> **EXERCISE GOAL**: Once the images are removed, repeat all of the entries exactly.

> **RECORDS TO PROCESS**:
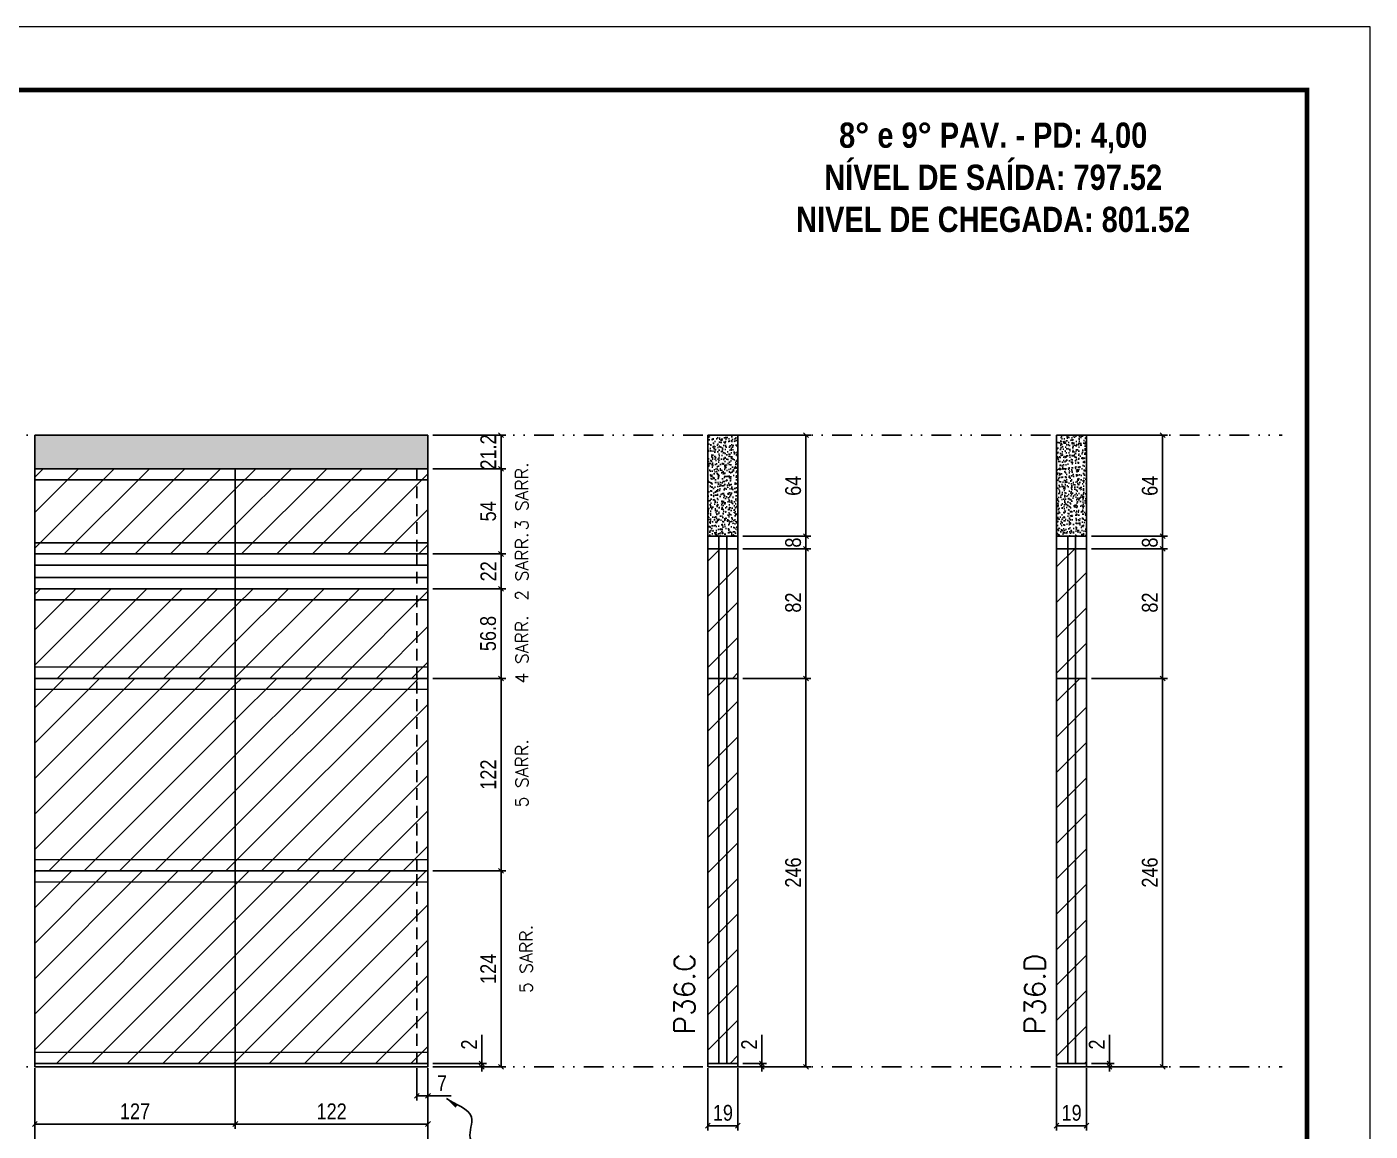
# Model space of a CAD drawing. Extents: x 28748 to 35002, y 14885 to 43501.
# Drawn here: x 29383 to 30233, y 24424 to 25124 of the extents above; entities that cross this region are included whole.
import ezdxf

# ---------------------------------------------------------------- set-up
doc = ezdxf.new("R2010")
doc.units = 0
for name, pattern in [('DASHED', [0.75, 0.5, -0.25]), ('DIVIDE2', [0.625, 0.25, -0.125, 0, -0.125, 0, -0.125]), ('HIDDEN', [0.375, 0.25, -0.125])]:
    doc.linetypes.add(name, pattern=pattern)
for name, color, linetype in [('COTA', 241, 'Continuous'), ('NOMENCLATURA', 7, 'Continuous'), ('Nível', 160, 'Continuous'), ('Painéis', 200, 'Continuous'), ('SARR_2.2x7', 40, 'Continuous'), ('Sarrafo de Pressão', 42, 'HIDDEN')]:
    doc.layers.add(name, color=color, linetype=linetype)
for name, color, linetype, lineweight in [('Folhas', 255, 'Continuous', 9), ('Hachura', 251, 'Continuous', 9), ('Sarr 2.2x7', 40, 'Continuous', 9), ('SARRAFO DE PRESSAO', 251, 'DASHED', 9), ('Texto Seção', 7, 'Continuous', 15)]:
    doc.layers.add(name, color=color, linetype=linetype, lineweight=lineweight)
doc.styles.add('COTA TECNICA', font='techl___.ttf', dxfattribs={"height": 10})
doc.styles.add('COTA TECNICA-50', font='techl___.ttf', dxfattribs={"height": 10})
doc.styles.add('REGUA-120', font='ROMANS.shx', dxfattribs={"height": 15})
doc.styles.add('ROMANC', font='techb___.ttf', dxfattribs={"height": 2.5})
doc.styles.add('ROMANS', font='romans.shx')
doc.styles.get("Standard").update_dxf_attribs({"font": 'arial.ttf'})
doc.dimstyles.new('COTA PAINEL-50', dxfattribs={"dimtxt": 10, "dimasz": 3, "dimexe": 3, "dimexo": 3, "dimgap": 3, "dimtad": 1, "dimdec": 1, "dimzin": 12, "dimdsep": 46, "dimtxsty": 'COTA TECNICA-50', "dimblk1": 'OBLIQUE', "dimblk2": 'OBLIQUE', "dimsah": 1, "dimcen": 0.9, "dimclrd": 4, "dimclre": 4, "dimclrt": 240, "dimadec": 1, "dimazin": 3, "dimtfac": 1, "dimtdec": 1, "dimtmove": 0, "dimatfit": 3, "dimfxl": 1, "dimtolj": 1, "dimtzin": 12, "dimarcsym": 0})
doc.dimstyles.new('PAINEL', dxfattribs={"dimtxt": 10, "dimasz": 3, "dimexe": 3, "dimexo": 3, "dimgap": 3, "dimtad": 1, "dimdec": 1, "dimzin": 12, "dimdsep": 46, "dimtxsty": 'COTA TECNICA', "dimblk1": 'OBLIQUE', "dimblk2": 'OBLIQUE', "dimsah": 1, "dimcen": 0.9, "dimclrd": 4, "dimclre": 4, "dimclrt": 240, "dimadec": 1, "dimazin": 3, "dimtfac": 1, "dimtdec": 1, "dimtmove": 0, "dimatfit": 3, "dimfxl": 1, "dimtolj": 1, "dimtzin": 12, "dimarcsym": 0})
doc.dimstyles.get("Standard").update_dxf_attribs({"dimtxt": 0.18, "dimasz": 0.18, "dimexe": 0.18, "dimexo": 0.0625, "dimgap": 0.09, "dimtad": 0, "dimtih": 1, "dimtoh": 1, "dimdec": 4, "dimzin": 0, "dimdsep": 46, "dimtxsty": 'Standard', "dimcen": 0.09, "dimadec": 0, "dimazin": 0, "dimtfac": 1, "dimtdec": 4, "dimtofl": 0, "dimtmove": 0, "dimatfit": 3, "dimfxl": 1, "dimtolj": 1, "dimtzin": 0, "dimarcsym": 0})
pattern_1 = [(45, (22629.309, 32122.585), (-11.22532, 11.22532), [])]
pattern_2 = [(45, (22629.309, 32104.585), (-11.22532, 11.22532), [])]
pattern_3 = [(45, (-105043.37, -3225.212), (-11.2253202, 11.2253202), [])]
pattern_4 = [(45, (0, 8), (-11.22532, 11.22532), [])]

# ---------------------------------------------------------------- blocks, each defined once
blk = doc.blocks.new('9999999999')
at = {"layer": 'Folhas'}
blk.add_lwpolyline([(98138.98, 34190.21), (99623.98, 34190.21), (99623.98, 35240.21), (98138.98, 35240.21)], close=True, dxfattribs=at)
at = {"layer": 'Folhas', "color": 30, "const_width": 3}
blk.add_lwpolyline([(98213.98, 34230.21), (99583.98, 34230.21), (99583.98, 35200.21), (98213.98, 35200.21)], close=True, dxfattribs=at)
blk = doc.blocks.new('_Oblique')
at = {"color": 0, "linetype": 'ByBlock', "lineweight": -2}
blk.add_line((-0.5, -0.5), (0.5, 0.5), dxfattribs=at)
blk = doc.blocks.new('*D1228')
at = {"layer": 'COTA', "color": 4, "lineweight": -2, "transparency": 16777216}
for p, q in [((29387.78, 24463.83), (29387.78, 24399.87)), ((29636.78, 24463.83), (29636.78, 24399.87)), ((29387.78, 24402.87), (29636.78, 24402.87))]:
    blk.add_line(p, q, dxfattribs=at)
at = {"layer": 'Defpoints', "color": 0, "transparency": 16777216}
for p in [(29387.78, 24466.83), (29636.78, 24466.83), (29636.78, 24402.87)]:
    blk.add_point(p, dxfattribs=at)
at = {"layer": 'COTA', "color": 4, "lineweight": -2, "transparency": 16777216, "xscale": 3, "yscale": 3, "zscale": 3, "rotation": 180}
blk.add_blockref('_Oblique', (29387.78, 24402.87), dxfattribs=at)
at = {"layer": 'COTA', "color": 4, "lineweight": -2, "transparency": 16777216, "xscale": 3, "yscale": 3, "zscale": 3}
blk.add_blockref('_Oblique', (29636.78, 24402.87), dxfattribs=at)
at = {"layer": 'COTA', "color": 240, "transparency": 16777216, "insert": (29512.28, 24410.97), "char_height": 10, "attachment_point": 5, "style": 'COTA TECNICA'}
blk.add_mtext('\\A1;249', dxfattribs=at)
blk = doc.blocks.new('*D1229')
at = {"layer": 'COTA', "color": 4, "lineweight": -2, "transparency": 16777216}
for p, q in [((29629.78, 24463.83), (29629.78, 24443.32)), ((29636.78, 24461.83), (29636.78, 24443.32)), ((29629.78, 24446.32), (29636.78, 24446.32)), ((29636.78, 24446.32), (29651.51, 24446.32))]:
    blk.add_line(p, q, dxfattribs=at)
at = {"layer": 'Defpoints', "color": 0, "transparency": 16777216}
for p in [(29629.78, 24466.83), (29636.78, 24464.83), (29636.78, 24446.32)]:
    blk.add_point(p, dxfattribs=at)
at = {"layer": 'COTA', "color": 4, "lineweight": -2, "transparency": 16777216, "xscale": 3, "yscale": 3, "zscale": 3, "rotation": 180}
blk.add_blockref('_Oblique', (29629.78, 24446.32), dxfattribs=at)
at = {"layer": 'COTA', "color": 4, "lineweight": -2, "transparency": 16777216, "xscale": 3, "yscale": 3, "zscale": 3}
blk.add_blockref('_Oblique', (29636.78, 24446.32), dxfattribs=at)
at = {"layer": 'COTA', "color": 240, "transparency": 16777216, "insert": (29645.64, 24454.39), "char_height": 10, "attachment_point": 5, "style": 'COTA TECNICA-50'}
blk.add_mtext('\\A1;7', dxfattribs=at)
blk = doc.blocks.new('*D1230')
at = {"layer": 'COTA', "color": 4, "lineweight": -2, "transparency": 16777216}
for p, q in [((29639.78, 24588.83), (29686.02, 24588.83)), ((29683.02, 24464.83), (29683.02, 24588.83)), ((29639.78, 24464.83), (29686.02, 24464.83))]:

> **EXPECTED ANSWER**:
# Model space of a CAD drawing. Extents: x 28748 to 35002, y 14885 to 43501.
# Drawn here: x 29383 to 30233, y 24424 to 25124 of the extents above; entities that cross this region are included whole.
import ezdxf

# ---------------------------------------------------------------- set-up
doc = ezdxf.new("R2010")
doc.units = 0
for name, pattern in [('DASHED', [0.75, 0.5, -0.25]), ('DIVIDE2', [0.625, 0.25, -0.125, 0, -0.125, 0, -0.125]), ('HIDDEN', [0.375, 0.25, -0.125])]:
    doc.linetypes.add(name, pattern=pattern)
for name, color, linetype in [('COTA', 241, 'Continuous'), ('NOMENCLATURA', 7, 'Continuous'), ('Nível', 160, 'Continuous'), ('Painéis', 200, 'Continuous'), ('SARR_2.2x7', 40, 'Continuous'), ('Sarrafo de Pressão', 42, 'HIDDEN')]:
    doc.layers.add(name, color=color, linetype=linetype)
for name, color, linetype, lineweight in [('Folhas', 255, 'Continuous', 9), ('Hachura', 251, 'Continuous', 9), ('Sarr 2.2x7', 40, 'Continuous', 9), ('SARRAFO DE PRESSAO', 251, 'DASHED', 9), ('Texto Seção', 7, 'Continuous', 15)]:
    doc.layers.add(name, color=color, linetype=linetype, lineweight=lineweight)
doc.styles.add('COTA TECNICA', font='techl___.ttf', dxfattribs={"height": 10})
doc.styles.add('COTA TECNICA-50', font='techl___.ttf', dxfattribs={"height": 10})
doc.styles.add('REGUA-120', font='ROMANS.shx', dxfattribs={"height": 15})
doc.styles.add('ROMANC', font='techb___.ttf', dxfattribs={"height": 2.5})
doc.styles.add('ROMANS', font='romans.shx')
doc.styles.get("Standard").update_dxf_attribs({"font": 'arial.ttf'})
doc.dimstyles.new('COTA PAINEL-50', dxfattribs={"dimtxt": 10, "dimasz": 3, "dimexe": 3, "dimexo": 3, "dimgap": 3, "dimtad": 1, "dimdec": 1, "dimzin": 12, "dimdsep": 46, "dimtxsty": 'COTA TECNICA-50', "dimblk1": 'OBLIQUE', "dimblk2": 'OBLIQUE', "dimsah": 1, "dimcen": 0.9, "dimclrd": 4, "dimclre": 4, "dimclrt": 240, "dimadec": 1, "dimazin": 3, "dimtfac": 1, "dimtdec": 1, "dimtmove": 0, "dimatfit": 3, "dimfxl": 1, "dimtolj": 1, "dimtzin": 12, "dimarcsym": 0})
doc.dimstyles.new('PAINEL', dxfattribs={"dimtxt": 10, "dimasz": 3, "dimexe": 3, "dimexo": 3, "dimgap": 3, "dimtad": 1, "dimdec": 1, "dimzin": 12, "dimdsep": 46, "dimtxsty": 'COTA TECNICA', "dimblk1": 'OBLIQUE', "dimblk2": 'OBLIQUE', "dimsah": 1, "dimcen": 0.9, "dimclrd": 4, "dimclre": 4, "dimclrt": 240, "dimadec": 1, "dimazin": 3, "dimtfac": 1, "dimtdec": 1, "dimtmove": 0, "dimatfit": 3, "dimfxl": 1, "dimtolj": 1, "dimtzin": 12, "dimarcsym": 0})
doc.dimstyles.get("Standard").update_dxf_attribs({"dimtxt": 0.18, "dimasz": 0.18, "dimexe": 0.18, "dimexo": 0.0625, "dimgap": 0.09, "dimtad": 0, "dimtih": 1, "dimtoh": 1, "dimdec": 4, "dimzin": 0, "dimdsep": 46, "dimtxsty": 'Standard', "dimcen": 0.09, "dimadec": 0, "dimazin": 0, "dimtfac": 1, "dimtdec": 4, "dimtofl": 0, "dimtmove": 0, "dimatfit": 3, "dimfxl": 1, "dimtolj": 1, "dimtzin": 0, "dimarcsym": 0})
pattern_1 = [(45, (22629.309, 32122.585), (-11.22532, 11.22532), [])]
pattern_2 = [(45, (22629.309, 32104.585), (-11.22532, 11.22532), [])]
pattern_3 = [(45, (-105043.37, -3225.212), (-11.2253202, 11.2253202), [])]
pattern_4 = [(45, (0, 8), (-11.22532, 11.22532), [])]

# ---------------------------------------------------------------- blocks, each defined once
blk = doc.blocks.new('9999999999')
at = {"layer": 'Folhas'}
blk.add_lwpolyline([(98138.98, 34190.21), (99623.98, 34190.21), (99623.98, 35240.21), (98138.98, 35240.21)], close=True, dxfattribs=at)
at = {"layer": 'Folhas', "color": 30, "const_width": 3}
blk.add_lwpolyline([(98213.98, 34230.21), (99583.98, 34230.21), (99583.98, 35200.21), (98213.98, 35200.21)], close=True, dxfattribs=at)
blk = doc.blocks.new('_Oblique')
at = {"color": 0, "linetype": 'ByBlock', "lineweight": -2}
blk.add_line((-0.5, -0.5), (0.5, 0.5), dxfattribs=at)
blk = doc.blocks.new('*D1228')
at = {"layer": 'COTA', "color": 4, "lineweight": -2, "transparency": 16777216}
for p, q in [((29387.78, 24463.83), (29387.78, 24399.87)), ((29636.78, 24463.83), (29636.78, 24399.87)), ((29387.78, 24402.87), (29636.78, 24402.87))]:
    blk.add_line(p, q, dxfattribs=at)
at = {"layer": 'Defpoints', "color": 0, "transparency": 16777216}
for p in [(29387.78, 24466.83), (29636.78, 24466.83), (29636.78, 24402.87)]:
    blk.add_point(p, dxfattribs=at)
at = {"layer": 'COTA', "color": 4, "lineweight": -2, "transparency": 16777216, "xscale": 3, "yscale": 3, "zscale": 3, "rotation": 180}
blk.add_blockref('_Oblique', (29387.78, 24402.87), dxfattribs=at)
at = {"layer": 'COTA', "color": 4, "lineweight": -2, "transparency": 16777216, "xscale": 3, "yscale": 3, "zscale": 3}
blk.add_blockref('_Oblique', (29636.78, 24402.87), dxfattribs=at)
at = {"layer": 'COTA', "color": 240, "transparency": 16777216, "insert": (29512.28, 24410.97), "char_height": 10, "attachment_point": 5, "style": 'COTA TECNICA'}
blk.add_mtext('\\A1;249', dxfattribs=at)
blk = doc.blocks.new('*D1229')
at = {"layer": 'COTA', "color": 4, "lineweight": -2, "transparency": 16777216}
for p, q in [((29629.78, 24463.83), (29629.78, 24443.32)), ((29636.78, 24461.83), (29636.78, 24443.32)), ((29629.78, 24446.32), (29636.78, 24446.32)), ((29636.78, 24446.32), (29651.51, 24446.32))]:
    blk.add_line(p, q, dxfattribs=at)
at = {"layer": 'Defpoints', "color": 0, "transparency": 16777216}
for p in [(29629.78, 24466.83), (29636.78, 24464.83), (29636.78, 24446.32)]:
    blk.add_point(p, dxfattribs=at)
at = {"layer": 'COTA', "color": 4, "lineweight": -2, "transparency": 16777216, "xscale": 3, "yscale": 3, "zscale": 3, "rotation": 180}
blk.add_blockref('_Oblique', (29629.78, 24446.32), dxfattribs=at)
at = {"layer": 'COTA', "color": 4, "lineweight": -2, "transparency": 16777216, "xscale": 3, "yscale": 3, "zscale": 3}
blk.add_blockref('_Oblique', (29636.78, 24446.32), dxfattribs=at)
at = {"layer": 'COTA', "color": 240, "transparency": 16777216, "insert": (29645.64, 24454.39), "char_height": 10, "attachment_point": 5, "style": 'COTA TECNICA-50'}
blk.add_mtext('\\A1;7', dxfattribs=at)
blk = doc.blocks.new('*D1230')
at = {"layer": 'COTA', "color": 4, "lineweight": -2, "transparency": 16777216}
for p, q in [((29639.78, 24588.83), (29686.02, 24588.83)), ((29683.02, 24464.83), (29683.02, 24588.83)), ((29639.78, 24464.83), (29686.02, 24464.83))]:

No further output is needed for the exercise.